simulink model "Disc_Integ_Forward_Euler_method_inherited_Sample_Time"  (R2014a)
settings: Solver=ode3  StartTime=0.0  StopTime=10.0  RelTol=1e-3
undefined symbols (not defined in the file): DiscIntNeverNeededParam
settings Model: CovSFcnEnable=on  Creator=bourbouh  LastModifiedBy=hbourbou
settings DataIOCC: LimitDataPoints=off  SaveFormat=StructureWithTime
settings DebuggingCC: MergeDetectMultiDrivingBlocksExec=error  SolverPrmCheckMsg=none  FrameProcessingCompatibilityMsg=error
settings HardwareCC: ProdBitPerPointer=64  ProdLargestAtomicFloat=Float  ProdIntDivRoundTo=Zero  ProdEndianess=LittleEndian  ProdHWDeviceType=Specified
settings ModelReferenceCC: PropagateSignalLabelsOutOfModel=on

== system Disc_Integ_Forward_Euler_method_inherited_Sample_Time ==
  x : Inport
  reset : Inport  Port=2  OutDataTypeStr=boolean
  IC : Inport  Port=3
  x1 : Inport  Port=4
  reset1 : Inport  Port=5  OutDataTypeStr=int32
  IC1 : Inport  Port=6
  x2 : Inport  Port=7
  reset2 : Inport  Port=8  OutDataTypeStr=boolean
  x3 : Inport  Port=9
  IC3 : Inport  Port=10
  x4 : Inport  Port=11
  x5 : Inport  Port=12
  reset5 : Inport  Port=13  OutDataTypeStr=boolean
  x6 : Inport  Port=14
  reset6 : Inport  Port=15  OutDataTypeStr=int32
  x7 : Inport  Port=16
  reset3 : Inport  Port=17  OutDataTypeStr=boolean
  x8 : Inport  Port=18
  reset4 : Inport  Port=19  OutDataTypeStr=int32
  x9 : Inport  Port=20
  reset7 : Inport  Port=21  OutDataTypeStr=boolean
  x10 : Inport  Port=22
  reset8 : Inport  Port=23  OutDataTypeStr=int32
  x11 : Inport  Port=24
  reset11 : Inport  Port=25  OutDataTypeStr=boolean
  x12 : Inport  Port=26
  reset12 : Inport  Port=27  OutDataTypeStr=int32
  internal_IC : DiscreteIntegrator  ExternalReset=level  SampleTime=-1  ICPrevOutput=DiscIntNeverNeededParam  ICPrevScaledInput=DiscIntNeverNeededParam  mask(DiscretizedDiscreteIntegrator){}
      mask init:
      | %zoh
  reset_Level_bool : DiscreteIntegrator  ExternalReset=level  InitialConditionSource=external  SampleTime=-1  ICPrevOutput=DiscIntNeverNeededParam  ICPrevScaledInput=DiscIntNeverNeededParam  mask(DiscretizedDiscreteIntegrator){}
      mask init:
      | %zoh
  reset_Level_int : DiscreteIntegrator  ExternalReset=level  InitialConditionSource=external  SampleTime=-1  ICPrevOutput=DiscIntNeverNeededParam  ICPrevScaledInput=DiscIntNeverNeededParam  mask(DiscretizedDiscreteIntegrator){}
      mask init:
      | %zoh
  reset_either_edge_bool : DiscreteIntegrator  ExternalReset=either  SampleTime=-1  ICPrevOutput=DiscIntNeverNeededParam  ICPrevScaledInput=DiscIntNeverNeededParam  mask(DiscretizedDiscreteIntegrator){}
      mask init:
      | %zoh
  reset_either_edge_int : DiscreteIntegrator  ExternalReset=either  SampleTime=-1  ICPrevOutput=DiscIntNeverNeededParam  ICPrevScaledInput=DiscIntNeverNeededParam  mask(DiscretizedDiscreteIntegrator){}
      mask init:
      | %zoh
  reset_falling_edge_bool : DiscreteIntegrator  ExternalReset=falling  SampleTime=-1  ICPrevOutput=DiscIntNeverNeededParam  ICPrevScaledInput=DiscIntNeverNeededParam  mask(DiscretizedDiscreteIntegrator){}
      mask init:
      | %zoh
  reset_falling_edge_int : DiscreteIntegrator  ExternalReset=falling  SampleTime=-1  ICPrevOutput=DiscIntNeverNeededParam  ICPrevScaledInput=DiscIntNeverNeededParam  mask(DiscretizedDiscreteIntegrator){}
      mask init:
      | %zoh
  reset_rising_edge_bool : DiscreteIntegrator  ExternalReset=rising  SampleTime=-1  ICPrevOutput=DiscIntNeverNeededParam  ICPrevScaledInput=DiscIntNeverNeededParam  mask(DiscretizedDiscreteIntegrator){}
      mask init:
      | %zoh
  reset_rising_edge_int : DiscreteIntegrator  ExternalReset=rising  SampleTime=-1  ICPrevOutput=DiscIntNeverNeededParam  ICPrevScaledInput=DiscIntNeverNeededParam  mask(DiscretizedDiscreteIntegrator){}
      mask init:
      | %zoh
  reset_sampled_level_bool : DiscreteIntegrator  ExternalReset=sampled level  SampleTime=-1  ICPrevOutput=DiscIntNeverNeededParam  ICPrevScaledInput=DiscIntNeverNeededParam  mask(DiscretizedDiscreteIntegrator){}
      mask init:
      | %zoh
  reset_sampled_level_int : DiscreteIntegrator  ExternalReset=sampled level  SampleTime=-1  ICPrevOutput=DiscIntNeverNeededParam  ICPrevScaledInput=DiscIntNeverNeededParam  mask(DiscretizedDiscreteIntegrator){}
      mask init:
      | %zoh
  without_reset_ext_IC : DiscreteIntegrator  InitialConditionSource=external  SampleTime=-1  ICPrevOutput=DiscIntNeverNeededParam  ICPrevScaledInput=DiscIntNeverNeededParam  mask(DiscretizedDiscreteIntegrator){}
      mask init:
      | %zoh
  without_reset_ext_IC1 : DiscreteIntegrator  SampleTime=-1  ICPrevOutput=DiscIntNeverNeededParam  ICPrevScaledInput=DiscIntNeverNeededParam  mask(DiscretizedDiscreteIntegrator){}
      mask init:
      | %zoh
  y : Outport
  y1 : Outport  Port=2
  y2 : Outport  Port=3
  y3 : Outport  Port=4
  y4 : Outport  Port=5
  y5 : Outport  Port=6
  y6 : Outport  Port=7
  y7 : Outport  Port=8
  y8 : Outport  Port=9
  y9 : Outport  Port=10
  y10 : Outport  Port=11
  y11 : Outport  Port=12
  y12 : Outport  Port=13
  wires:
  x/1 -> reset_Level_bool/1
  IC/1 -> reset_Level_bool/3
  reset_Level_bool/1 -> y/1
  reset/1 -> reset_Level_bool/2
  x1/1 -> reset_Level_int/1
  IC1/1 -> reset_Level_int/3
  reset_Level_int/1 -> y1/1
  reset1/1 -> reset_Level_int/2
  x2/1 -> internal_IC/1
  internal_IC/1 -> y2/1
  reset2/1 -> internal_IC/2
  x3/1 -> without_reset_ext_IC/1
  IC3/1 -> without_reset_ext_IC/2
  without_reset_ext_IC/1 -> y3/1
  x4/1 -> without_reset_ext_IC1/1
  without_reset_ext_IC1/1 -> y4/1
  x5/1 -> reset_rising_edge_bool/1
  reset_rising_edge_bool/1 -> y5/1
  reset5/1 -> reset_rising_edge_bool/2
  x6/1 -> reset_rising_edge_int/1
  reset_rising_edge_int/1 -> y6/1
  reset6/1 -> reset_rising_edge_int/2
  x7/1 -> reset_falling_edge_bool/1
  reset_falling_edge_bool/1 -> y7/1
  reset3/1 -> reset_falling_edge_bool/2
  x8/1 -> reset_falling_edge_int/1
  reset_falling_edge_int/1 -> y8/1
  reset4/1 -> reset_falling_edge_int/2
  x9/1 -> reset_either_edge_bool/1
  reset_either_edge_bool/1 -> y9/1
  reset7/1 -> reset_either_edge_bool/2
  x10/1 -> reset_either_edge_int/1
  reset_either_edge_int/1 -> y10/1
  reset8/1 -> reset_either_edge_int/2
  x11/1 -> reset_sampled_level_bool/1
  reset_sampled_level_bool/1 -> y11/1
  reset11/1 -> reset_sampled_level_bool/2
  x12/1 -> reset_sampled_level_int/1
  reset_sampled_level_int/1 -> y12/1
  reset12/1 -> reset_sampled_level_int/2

▶ **Task item**
For the word "boolean", count the lines in the records that contain it. Give the number and no other words.

▶ **Exercise solution**
6